**Work required:**
Reproduce word for word the lines between those holding "#21=DIRECTION('',(0.,0.,1.));" and "#30=VERTEX_POINT('',#29);", inclusive, and nothing else from the data below.

Records drawn from a dataset:
○ ○ ○ ○ ○

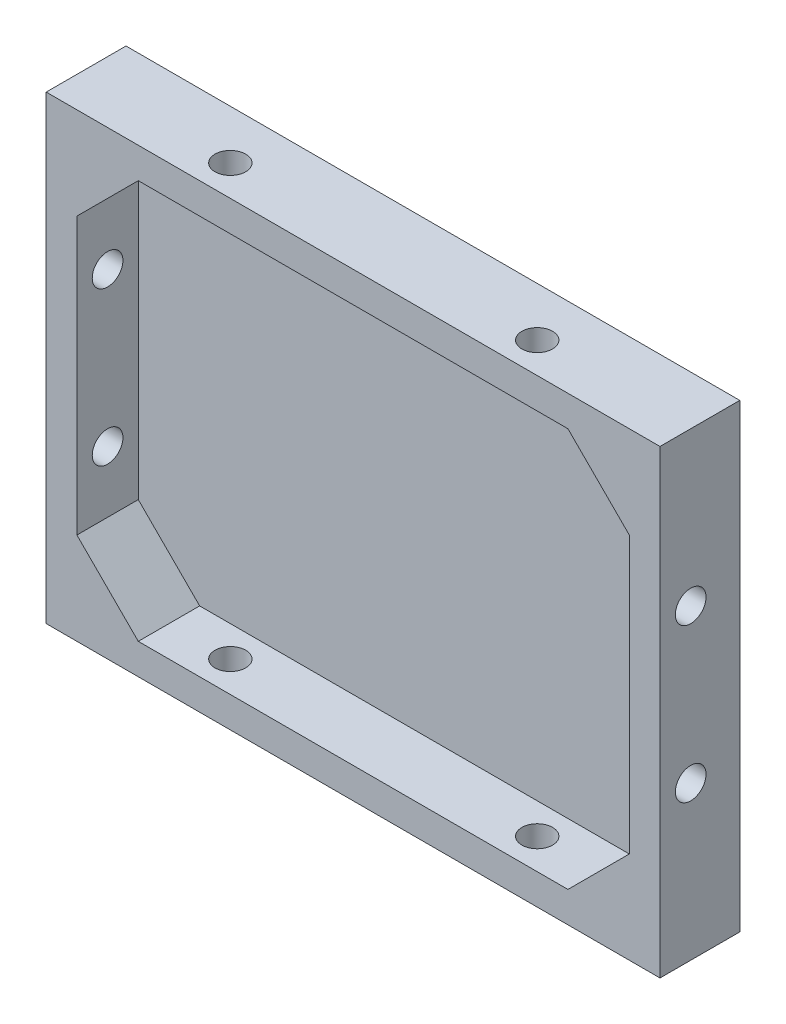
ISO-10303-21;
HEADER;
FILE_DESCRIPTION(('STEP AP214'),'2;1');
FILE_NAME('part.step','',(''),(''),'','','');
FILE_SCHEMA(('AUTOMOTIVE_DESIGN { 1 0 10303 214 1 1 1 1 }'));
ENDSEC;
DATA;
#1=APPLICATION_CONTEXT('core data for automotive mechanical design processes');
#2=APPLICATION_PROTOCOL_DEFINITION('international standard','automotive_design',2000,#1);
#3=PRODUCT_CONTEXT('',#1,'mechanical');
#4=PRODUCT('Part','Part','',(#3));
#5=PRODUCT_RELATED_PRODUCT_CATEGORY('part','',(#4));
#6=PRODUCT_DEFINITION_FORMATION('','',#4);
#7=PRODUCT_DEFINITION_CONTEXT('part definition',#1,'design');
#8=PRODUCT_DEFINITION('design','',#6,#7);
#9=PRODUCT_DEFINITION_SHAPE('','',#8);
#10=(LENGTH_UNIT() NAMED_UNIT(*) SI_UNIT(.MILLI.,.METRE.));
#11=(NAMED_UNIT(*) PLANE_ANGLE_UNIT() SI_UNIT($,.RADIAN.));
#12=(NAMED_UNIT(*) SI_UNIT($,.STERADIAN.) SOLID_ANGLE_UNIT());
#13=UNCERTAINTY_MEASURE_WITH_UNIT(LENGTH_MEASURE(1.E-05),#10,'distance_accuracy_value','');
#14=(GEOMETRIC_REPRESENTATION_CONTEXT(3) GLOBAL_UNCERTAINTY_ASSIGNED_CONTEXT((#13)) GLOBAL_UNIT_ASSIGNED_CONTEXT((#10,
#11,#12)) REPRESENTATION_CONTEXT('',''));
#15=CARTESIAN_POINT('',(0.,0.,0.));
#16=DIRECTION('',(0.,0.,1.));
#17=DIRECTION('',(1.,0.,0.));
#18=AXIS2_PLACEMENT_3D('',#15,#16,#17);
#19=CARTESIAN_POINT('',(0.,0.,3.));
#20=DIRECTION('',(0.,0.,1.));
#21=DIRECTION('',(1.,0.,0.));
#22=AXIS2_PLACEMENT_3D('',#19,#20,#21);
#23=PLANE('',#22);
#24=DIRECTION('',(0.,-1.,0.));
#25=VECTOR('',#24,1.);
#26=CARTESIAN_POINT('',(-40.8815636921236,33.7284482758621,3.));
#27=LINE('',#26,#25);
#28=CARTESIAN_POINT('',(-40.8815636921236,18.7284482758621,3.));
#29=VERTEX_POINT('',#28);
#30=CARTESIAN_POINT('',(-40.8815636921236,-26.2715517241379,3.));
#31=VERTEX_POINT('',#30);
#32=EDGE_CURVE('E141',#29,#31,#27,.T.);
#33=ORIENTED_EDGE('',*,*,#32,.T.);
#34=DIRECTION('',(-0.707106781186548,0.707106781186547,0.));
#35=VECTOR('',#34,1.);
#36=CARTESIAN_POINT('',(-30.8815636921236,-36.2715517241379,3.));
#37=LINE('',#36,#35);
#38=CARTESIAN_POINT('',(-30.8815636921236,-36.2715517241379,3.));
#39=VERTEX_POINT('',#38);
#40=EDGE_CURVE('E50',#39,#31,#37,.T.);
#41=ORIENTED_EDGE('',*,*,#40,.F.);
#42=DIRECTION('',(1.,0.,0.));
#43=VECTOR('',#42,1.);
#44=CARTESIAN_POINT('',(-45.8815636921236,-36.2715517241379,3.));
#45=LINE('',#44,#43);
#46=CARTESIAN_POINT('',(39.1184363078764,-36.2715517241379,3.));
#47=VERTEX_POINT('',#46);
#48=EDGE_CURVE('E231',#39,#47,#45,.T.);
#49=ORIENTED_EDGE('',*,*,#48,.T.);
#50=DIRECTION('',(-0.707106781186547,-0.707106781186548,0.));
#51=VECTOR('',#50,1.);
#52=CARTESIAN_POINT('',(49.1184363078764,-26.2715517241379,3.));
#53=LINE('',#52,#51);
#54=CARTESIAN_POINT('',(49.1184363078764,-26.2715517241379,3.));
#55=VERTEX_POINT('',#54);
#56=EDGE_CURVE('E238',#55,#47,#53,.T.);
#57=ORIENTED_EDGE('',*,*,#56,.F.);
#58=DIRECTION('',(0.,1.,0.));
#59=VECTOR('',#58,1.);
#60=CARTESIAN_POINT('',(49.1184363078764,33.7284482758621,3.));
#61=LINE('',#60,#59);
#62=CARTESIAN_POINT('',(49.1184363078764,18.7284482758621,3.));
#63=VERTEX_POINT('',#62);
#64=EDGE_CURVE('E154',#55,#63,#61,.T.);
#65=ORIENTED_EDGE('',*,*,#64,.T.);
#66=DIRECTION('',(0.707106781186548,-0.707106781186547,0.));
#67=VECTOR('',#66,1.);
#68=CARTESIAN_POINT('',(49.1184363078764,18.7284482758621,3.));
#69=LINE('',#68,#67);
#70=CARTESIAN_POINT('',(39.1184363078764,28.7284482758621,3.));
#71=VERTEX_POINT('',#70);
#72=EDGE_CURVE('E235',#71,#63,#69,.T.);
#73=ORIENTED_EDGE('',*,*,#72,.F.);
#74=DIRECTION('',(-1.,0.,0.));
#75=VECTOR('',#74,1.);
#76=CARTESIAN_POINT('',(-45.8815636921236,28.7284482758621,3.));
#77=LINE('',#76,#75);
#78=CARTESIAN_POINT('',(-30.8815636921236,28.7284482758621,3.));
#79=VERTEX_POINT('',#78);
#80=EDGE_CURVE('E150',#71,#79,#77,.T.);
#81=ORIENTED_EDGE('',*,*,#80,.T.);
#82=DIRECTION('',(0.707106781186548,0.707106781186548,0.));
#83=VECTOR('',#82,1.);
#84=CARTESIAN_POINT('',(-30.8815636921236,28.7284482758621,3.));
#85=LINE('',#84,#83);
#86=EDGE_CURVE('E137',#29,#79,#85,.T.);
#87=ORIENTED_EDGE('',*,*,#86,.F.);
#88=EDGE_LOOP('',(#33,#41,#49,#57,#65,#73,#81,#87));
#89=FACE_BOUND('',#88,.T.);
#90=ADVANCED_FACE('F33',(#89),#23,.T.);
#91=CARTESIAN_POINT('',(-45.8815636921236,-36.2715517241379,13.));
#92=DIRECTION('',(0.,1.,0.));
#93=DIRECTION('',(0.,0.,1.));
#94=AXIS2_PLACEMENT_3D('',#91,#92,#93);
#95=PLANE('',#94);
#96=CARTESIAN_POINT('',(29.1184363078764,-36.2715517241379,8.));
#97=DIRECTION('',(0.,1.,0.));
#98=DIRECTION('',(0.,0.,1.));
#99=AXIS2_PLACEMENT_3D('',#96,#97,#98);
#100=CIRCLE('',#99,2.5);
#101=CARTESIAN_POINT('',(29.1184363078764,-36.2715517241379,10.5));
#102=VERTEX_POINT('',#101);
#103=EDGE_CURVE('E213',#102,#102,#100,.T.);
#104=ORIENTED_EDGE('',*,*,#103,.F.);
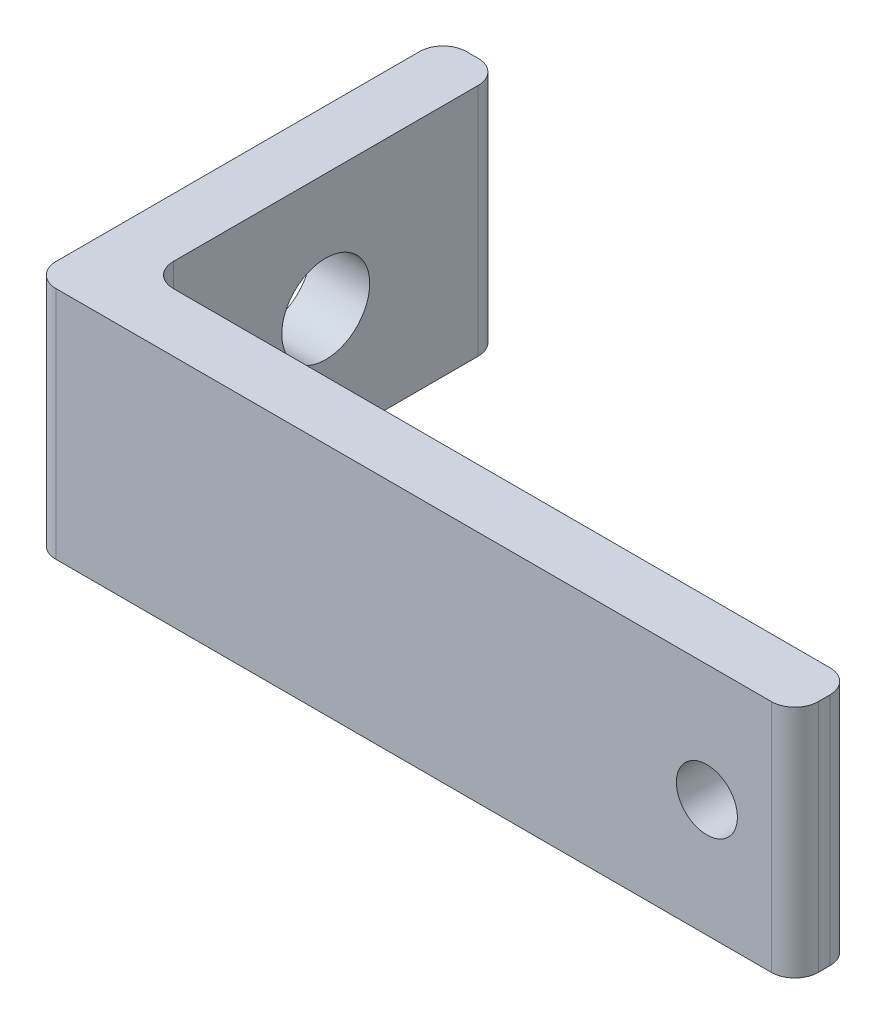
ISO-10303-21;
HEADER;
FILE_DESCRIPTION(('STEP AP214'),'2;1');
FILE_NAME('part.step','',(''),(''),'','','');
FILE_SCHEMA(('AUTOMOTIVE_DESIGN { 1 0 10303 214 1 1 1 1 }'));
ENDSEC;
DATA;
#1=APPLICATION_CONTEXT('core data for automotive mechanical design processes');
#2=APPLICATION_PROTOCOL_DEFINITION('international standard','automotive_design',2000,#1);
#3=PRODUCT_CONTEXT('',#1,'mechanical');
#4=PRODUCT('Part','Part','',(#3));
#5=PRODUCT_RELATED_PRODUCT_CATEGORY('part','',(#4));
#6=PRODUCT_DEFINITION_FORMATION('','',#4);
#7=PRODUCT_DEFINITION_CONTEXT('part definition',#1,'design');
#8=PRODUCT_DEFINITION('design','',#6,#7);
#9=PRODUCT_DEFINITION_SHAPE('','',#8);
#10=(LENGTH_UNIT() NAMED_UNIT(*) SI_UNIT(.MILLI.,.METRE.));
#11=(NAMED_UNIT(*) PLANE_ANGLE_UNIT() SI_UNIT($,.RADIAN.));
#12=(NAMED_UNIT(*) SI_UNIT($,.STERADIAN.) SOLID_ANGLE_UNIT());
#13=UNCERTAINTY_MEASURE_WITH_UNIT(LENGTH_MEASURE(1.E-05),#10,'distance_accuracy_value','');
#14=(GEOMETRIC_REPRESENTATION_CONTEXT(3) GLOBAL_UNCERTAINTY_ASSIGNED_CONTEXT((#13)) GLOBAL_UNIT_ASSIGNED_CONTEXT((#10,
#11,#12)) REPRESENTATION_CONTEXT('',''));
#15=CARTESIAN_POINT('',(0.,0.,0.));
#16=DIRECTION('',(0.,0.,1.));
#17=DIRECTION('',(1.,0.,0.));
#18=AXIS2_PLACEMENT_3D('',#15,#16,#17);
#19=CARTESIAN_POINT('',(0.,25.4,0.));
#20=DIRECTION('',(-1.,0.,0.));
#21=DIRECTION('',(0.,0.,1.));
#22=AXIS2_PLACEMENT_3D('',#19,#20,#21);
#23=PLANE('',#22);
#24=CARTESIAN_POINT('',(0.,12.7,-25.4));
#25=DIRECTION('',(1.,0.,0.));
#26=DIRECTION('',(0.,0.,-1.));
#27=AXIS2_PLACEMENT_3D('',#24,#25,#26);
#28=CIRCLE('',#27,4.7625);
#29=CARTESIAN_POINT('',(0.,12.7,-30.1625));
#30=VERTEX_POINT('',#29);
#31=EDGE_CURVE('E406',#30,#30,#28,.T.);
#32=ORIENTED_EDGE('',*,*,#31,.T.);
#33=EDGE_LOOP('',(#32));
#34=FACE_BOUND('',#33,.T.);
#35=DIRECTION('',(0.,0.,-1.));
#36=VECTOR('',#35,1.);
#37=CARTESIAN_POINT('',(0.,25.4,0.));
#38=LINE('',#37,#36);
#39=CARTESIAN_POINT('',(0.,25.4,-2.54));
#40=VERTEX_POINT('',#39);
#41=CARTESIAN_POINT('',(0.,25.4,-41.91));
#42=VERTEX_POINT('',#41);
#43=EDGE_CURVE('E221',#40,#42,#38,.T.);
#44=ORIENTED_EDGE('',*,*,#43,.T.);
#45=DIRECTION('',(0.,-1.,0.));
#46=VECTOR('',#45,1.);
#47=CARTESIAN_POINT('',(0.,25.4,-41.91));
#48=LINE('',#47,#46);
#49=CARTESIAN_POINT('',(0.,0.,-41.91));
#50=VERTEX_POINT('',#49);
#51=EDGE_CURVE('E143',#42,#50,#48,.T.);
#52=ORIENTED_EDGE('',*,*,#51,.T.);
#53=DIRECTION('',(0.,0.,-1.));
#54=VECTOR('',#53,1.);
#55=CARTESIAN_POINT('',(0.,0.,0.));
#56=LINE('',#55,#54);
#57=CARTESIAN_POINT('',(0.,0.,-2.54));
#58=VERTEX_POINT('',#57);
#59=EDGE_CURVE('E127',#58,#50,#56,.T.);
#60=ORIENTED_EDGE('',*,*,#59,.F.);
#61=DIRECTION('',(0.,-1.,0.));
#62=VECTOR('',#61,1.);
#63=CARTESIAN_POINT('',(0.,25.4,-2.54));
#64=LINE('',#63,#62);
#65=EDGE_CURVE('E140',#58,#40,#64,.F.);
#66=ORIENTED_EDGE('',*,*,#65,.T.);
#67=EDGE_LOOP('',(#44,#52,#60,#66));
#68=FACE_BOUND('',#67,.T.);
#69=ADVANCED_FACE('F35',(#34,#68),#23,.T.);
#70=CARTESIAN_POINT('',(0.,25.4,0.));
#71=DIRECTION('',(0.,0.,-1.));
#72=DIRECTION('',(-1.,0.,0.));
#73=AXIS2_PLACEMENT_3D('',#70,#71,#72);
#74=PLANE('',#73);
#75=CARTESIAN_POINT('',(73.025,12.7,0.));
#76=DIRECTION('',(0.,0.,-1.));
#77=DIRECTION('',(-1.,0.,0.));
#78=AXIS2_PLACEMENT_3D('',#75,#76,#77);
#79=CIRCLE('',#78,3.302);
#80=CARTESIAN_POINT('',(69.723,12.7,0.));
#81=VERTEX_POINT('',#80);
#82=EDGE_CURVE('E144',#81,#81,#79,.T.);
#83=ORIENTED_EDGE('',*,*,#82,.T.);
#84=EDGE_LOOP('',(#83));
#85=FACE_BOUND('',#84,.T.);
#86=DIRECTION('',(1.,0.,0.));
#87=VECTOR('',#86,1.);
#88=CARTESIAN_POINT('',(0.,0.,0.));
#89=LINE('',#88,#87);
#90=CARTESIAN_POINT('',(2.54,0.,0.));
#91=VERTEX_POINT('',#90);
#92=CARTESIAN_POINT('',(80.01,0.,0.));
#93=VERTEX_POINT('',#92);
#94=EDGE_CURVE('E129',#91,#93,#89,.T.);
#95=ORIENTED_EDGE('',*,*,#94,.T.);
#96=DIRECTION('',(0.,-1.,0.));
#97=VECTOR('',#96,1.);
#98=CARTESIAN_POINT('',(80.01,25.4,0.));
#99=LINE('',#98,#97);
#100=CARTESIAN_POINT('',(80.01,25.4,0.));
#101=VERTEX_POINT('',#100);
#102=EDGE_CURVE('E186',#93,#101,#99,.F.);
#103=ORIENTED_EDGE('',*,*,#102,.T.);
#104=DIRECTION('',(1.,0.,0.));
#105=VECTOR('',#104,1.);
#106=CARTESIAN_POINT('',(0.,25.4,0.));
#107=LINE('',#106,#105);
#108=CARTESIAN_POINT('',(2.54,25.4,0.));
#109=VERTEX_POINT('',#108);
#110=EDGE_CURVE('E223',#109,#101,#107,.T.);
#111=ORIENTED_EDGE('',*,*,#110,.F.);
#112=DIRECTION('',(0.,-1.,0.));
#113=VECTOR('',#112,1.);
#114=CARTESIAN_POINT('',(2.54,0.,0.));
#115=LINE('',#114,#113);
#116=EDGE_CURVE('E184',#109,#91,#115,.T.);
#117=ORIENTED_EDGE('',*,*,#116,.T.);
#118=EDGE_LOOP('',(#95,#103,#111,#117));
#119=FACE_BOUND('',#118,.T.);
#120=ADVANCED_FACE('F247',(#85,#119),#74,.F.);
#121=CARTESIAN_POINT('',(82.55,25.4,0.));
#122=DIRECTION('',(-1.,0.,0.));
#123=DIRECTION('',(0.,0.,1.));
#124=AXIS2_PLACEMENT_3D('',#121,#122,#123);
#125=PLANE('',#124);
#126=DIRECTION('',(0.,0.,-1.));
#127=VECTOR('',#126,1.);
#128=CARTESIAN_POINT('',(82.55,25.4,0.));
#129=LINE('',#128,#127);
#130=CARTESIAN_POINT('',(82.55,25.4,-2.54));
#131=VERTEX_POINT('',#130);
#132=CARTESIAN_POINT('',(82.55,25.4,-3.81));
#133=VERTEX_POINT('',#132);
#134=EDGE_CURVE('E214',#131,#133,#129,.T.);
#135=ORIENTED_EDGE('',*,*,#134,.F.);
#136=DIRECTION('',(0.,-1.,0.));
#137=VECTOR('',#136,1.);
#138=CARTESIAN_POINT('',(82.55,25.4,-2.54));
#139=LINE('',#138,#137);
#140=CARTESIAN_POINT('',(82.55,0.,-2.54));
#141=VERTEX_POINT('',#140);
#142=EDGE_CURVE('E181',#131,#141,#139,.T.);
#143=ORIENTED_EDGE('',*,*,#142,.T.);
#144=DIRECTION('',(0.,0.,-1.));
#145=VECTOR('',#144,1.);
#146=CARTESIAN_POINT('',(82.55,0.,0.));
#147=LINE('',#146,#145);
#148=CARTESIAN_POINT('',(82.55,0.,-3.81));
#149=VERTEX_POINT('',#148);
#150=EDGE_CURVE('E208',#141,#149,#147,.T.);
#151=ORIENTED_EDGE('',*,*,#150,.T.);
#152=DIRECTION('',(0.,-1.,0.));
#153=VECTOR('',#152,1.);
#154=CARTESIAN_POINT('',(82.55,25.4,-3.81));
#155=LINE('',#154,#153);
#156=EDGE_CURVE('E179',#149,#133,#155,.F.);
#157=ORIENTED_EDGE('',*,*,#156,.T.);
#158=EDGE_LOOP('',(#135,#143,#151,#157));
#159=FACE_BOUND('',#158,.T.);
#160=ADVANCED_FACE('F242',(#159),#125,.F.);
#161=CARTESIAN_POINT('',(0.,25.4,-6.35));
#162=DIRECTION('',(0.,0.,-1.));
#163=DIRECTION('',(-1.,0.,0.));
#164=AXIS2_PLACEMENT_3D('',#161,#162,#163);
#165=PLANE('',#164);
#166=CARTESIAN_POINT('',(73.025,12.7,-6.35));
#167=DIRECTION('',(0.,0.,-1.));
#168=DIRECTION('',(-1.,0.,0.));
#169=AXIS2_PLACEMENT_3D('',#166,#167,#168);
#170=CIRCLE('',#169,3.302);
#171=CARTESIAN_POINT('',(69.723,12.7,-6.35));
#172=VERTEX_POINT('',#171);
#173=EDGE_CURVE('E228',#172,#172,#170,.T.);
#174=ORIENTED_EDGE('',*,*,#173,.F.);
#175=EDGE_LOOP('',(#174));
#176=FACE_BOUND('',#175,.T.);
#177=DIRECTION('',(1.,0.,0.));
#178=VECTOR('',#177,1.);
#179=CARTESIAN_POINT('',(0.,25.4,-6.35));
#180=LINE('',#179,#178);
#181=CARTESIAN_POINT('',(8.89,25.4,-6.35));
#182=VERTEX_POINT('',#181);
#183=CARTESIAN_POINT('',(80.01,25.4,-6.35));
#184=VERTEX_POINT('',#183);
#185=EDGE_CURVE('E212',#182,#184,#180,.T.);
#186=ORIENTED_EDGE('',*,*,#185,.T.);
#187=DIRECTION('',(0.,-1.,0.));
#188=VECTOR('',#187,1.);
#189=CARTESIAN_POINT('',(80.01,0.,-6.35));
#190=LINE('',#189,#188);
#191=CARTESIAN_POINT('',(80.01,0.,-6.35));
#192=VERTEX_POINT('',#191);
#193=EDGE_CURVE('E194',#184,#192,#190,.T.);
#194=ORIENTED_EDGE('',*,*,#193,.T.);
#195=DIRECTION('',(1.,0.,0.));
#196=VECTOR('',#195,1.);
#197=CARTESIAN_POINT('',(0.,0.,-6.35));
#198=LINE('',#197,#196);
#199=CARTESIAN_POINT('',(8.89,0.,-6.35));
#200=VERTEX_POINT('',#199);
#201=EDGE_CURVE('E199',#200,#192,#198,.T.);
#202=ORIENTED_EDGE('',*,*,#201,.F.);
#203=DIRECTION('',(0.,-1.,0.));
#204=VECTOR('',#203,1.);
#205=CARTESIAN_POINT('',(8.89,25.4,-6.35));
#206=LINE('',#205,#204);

○ ○ ○ ○ ○

**Solution to this problem:**
#21=DIRECTION('',(0.,0.,1.));
#22=AXIS2_PLACEMENT_3D('',#19,#20,#21);
#23=PLANE('',#22);
#24=CARTESIAN_POINT('',(0.,12.7,-25.4));
#25=DIRECTION('',(1.,0.,0.));
#26=DIRECTION('',(0.,0.,-1.));
#27=AXIS2_PLACEMENT_3D('',#24,#25,#26);
#28=CIRCLE('',#27,4.7625);
#29=CARTESIAN_POINT('',(0.,12.7,-30.1625));
#30=VERTEX_POINT('',#29);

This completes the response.